**Directions for this task:** From the line below that contains "#15243 = AXIS2_PLACEMENT_3D" to the line that contains "#16621 = EDGE_CURVE", repeat every line exactly, both ends included, and nothing else.

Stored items
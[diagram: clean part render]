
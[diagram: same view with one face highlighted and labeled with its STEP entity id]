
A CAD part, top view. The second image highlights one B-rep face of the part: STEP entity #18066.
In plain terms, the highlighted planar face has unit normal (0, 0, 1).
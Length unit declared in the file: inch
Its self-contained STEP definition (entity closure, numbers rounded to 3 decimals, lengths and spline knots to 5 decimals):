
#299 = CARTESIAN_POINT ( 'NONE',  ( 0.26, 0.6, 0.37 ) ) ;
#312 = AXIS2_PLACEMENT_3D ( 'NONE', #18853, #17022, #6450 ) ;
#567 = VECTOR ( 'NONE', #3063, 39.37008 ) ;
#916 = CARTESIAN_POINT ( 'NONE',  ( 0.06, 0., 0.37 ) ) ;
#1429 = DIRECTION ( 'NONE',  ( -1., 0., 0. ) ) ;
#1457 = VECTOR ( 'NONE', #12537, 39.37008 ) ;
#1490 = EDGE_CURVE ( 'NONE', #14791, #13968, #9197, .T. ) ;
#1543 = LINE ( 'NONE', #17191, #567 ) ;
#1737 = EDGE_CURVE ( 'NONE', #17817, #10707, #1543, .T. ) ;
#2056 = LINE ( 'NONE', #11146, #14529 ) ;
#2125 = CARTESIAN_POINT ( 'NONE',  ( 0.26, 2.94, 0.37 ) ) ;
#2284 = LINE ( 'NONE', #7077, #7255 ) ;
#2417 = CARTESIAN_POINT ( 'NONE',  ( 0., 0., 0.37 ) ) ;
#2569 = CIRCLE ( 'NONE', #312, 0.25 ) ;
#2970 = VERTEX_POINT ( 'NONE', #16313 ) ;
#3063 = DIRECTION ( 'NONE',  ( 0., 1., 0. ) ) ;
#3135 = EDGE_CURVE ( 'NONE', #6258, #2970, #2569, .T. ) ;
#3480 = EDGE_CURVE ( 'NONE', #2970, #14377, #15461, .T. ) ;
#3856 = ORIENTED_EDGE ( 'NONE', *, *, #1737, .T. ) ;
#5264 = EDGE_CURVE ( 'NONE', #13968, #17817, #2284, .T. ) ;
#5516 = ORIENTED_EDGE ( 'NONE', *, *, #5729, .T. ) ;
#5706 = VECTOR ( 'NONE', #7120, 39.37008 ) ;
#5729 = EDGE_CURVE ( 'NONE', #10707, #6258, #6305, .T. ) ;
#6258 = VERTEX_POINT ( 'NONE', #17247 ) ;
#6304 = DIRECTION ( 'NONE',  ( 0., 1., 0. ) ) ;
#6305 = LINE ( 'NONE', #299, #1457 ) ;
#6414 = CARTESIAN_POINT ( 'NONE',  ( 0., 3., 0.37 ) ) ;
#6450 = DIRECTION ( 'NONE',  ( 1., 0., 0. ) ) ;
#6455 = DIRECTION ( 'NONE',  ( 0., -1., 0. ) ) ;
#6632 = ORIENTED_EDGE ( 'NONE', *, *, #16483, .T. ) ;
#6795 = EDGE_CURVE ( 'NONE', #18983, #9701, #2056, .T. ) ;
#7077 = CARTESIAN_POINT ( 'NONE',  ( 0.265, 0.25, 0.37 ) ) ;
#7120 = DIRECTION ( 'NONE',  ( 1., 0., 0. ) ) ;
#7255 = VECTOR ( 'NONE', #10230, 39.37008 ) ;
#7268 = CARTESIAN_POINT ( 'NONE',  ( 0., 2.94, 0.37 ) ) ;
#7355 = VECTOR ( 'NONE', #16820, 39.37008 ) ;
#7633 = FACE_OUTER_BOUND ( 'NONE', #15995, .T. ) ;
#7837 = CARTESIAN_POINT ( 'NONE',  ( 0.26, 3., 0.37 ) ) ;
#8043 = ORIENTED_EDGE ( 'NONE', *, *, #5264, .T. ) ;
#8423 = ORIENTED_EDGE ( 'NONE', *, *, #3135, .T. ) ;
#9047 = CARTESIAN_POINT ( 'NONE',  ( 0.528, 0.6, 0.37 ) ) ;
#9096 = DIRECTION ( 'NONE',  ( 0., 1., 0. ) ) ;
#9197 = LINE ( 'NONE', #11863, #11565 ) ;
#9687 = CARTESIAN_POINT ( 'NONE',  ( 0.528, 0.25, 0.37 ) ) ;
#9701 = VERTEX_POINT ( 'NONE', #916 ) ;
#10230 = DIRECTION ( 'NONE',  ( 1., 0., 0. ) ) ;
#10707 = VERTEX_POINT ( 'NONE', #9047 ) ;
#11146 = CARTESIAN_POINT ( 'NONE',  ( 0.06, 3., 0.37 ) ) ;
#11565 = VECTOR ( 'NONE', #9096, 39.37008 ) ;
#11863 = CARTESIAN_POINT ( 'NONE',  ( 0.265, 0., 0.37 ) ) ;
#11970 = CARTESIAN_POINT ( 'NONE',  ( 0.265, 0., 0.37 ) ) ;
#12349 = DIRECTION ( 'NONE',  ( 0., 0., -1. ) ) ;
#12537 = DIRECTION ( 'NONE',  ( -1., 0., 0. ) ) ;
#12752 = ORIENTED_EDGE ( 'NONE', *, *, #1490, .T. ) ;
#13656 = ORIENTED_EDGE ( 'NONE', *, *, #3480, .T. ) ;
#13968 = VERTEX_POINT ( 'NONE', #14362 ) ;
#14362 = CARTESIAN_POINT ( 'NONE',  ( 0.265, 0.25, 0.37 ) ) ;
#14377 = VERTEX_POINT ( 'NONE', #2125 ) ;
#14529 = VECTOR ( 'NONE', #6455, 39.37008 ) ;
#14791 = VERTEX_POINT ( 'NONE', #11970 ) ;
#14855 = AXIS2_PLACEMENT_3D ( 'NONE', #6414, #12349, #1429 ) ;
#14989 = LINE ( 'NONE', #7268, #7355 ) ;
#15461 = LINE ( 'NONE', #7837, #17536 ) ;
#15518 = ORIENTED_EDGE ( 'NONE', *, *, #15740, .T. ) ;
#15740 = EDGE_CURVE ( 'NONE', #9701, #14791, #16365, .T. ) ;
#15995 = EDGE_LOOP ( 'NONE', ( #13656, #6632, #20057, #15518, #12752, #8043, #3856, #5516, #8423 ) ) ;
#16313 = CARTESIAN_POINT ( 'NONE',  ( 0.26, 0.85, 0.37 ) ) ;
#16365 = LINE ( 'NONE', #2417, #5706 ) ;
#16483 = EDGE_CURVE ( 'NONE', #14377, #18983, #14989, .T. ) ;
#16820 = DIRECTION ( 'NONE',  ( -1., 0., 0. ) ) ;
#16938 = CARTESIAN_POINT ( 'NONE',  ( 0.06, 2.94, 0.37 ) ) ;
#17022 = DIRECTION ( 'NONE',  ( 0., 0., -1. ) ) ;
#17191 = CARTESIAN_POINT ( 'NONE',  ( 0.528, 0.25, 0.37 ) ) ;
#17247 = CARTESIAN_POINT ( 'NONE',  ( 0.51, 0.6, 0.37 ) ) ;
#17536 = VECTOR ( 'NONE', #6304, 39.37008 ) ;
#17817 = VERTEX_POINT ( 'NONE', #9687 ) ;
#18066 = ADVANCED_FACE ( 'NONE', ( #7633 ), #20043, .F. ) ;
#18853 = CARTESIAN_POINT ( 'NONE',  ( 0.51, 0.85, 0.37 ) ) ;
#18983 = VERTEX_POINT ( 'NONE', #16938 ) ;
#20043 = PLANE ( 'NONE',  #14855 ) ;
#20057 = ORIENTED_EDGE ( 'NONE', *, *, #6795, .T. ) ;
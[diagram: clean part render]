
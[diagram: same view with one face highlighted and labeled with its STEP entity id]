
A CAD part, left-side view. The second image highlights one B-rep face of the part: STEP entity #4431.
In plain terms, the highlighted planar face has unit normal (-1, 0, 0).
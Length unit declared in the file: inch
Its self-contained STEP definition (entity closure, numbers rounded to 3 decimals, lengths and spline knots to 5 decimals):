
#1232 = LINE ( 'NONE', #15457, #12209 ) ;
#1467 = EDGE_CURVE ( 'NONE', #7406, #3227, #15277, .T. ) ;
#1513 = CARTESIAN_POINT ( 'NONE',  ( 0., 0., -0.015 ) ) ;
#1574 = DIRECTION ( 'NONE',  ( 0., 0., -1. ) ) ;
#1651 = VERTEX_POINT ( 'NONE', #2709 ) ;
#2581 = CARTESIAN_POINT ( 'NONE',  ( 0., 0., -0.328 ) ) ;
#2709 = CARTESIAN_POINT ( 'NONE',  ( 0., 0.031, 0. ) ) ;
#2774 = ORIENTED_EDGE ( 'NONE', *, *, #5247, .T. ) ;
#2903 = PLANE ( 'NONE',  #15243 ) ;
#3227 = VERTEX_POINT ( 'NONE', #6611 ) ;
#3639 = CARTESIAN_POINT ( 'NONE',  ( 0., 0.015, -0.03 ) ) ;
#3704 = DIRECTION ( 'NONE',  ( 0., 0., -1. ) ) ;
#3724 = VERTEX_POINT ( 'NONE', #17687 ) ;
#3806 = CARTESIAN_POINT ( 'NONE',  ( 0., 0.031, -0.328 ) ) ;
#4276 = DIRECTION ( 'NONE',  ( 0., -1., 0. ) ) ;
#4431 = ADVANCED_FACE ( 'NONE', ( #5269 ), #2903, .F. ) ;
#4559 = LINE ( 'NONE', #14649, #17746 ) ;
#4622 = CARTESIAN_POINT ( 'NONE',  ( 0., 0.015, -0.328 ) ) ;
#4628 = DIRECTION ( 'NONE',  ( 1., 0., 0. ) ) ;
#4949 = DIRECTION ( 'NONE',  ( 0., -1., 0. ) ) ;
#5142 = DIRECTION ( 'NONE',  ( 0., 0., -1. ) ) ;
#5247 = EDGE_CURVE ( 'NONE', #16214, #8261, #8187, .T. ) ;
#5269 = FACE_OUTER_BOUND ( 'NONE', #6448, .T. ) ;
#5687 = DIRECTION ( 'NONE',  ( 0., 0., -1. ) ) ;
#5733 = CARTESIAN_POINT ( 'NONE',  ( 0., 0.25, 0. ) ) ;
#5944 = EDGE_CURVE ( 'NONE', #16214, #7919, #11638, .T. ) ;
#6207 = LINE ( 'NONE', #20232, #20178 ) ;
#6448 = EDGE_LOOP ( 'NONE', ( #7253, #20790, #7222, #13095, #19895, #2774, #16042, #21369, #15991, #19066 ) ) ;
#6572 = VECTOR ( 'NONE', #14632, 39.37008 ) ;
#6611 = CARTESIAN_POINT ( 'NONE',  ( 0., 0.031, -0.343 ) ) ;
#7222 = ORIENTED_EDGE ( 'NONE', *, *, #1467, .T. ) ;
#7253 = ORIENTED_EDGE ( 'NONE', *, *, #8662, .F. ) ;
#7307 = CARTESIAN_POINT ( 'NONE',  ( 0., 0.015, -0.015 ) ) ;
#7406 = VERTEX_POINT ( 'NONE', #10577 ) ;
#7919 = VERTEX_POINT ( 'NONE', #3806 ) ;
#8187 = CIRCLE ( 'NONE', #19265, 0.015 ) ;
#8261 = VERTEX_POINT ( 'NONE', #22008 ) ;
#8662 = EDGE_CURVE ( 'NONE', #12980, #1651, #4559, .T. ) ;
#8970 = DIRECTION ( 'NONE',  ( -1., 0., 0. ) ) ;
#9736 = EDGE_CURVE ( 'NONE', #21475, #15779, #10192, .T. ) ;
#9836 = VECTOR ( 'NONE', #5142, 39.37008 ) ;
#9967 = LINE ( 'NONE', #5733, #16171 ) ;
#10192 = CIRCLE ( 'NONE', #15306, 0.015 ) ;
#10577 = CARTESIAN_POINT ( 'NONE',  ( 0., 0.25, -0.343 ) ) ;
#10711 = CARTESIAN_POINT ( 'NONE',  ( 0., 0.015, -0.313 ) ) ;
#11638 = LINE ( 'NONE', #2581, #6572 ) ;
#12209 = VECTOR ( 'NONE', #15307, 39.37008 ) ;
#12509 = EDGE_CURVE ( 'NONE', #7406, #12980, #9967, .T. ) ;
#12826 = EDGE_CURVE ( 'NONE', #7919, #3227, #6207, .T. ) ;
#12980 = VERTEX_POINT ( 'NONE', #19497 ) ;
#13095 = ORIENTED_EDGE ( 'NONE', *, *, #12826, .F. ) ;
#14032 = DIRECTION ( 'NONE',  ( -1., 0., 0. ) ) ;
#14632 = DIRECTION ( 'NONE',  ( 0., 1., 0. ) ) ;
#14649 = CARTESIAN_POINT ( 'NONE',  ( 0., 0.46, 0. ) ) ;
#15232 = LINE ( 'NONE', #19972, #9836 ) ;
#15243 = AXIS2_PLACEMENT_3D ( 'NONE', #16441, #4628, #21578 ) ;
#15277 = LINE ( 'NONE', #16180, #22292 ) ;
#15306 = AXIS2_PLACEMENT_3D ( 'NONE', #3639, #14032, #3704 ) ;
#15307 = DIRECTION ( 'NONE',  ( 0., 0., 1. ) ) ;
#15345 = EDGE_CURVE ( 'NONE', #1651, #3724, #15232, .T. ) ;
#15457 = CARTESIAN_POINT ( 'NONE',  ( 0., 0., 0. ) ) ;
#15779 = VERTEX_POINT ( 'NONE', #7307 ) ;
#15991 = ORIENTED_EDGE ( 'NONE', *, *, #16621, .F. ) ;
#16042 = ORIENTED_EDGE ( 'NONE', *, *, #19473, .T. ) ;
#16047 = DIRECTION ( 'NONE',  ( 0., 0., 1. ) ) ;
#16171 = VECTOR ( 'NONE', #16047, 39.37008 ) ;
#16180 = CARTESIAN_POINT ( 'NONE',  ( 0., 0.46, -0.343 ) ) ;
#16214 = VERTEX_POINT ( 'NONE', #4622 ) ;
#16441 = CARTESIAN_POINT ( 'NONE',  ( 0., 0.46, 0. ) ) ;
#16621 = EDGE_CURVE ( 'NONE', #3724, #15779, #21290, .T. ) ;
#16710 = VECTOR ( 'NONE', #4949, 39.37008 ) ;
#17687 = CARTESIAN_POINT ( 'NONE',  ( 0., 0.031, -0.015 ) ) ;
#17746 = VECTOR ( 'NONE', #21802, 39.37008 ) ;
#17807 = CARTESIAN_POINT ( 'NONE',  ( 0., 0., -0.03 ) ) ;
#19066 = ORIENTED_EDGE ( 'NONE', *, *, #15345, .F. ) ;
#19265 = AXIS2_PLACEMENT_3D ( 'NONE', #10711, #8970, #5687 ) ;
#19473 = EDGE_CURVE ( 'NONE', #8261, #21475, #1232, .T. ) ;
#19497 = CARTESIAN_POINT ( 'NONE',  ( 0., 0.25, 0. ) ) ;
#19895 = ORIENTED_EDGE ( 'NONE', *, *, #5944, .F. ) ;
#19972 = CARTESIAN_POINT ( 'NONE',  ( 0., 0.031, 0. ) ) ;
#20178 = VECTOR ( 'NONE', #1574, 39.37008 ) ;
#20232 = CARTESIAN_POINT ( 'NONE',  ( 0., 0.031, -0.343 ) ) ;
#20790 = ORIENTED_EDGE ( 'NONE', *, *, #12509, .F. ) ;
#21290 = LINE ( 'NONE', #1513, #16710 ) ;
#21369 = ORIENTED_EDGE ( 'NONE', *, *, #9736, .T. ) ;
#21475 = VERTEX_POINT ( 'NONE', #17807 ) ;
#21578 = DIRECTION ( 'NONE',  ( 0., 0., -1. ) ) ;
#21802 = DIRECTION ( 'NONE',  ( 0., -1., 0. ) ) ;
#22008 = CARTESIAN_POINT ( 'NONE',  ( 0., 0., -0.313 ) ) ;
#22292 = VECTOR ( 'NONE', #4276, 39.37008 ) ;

**Output:**
#15243 = AXIS2_PLACEMENT_3D ( 'NONE', #16441, #4628, #21578 ) ;
#15277 = LINE ( 'NONE', #16180, #22292 ) ;
#15306 = AXIS2_PLACEMENT_3D ( 'NONE', #3639, #14032, #3704 ) ;
#15307 = DIRECTION ( 'NONE',  ( 0., 0., 1. ) ) ;
#15345 = EDGE_CURVE ( 'NONE', #1651, #3724, #15232, .T. ) ;
#15457 = CARTESIAN_POINT ( 'NONE',  ( 0., 0., 0. ) ) ;
#15779 = VERTEX_POINT ( 'NONE', #7307 ) ;
#15991 = ORIENTED_EDGE ( 'NONE', *, *, #16621, .F. ) ;
#16042 = ORIENTED_EDGE ( 'NONE', *, *, #19473, .T. ) ;
#16047 = DIRECTION ( 'NONE',  ( 0., 0., 1. ) ) ;
#16171 = VECTOR ( 'NONE', #16047, 39.37008 ) ;
#16180 = CARTESIAN_POINT ( 'NONE',  ( 0., 0.46, -0.343 ) ) ;
#16214 = VERTEX_POINT ( 'NONE', #4622 ) ;
#16441 = CARTESIAN_POINT ( 'NONE',  ( 0., 0.46, 0. ) ) ;
#16621 = EDGE_CURVE ( 'NONE', #3724, #15779, #21290, .T. ) ;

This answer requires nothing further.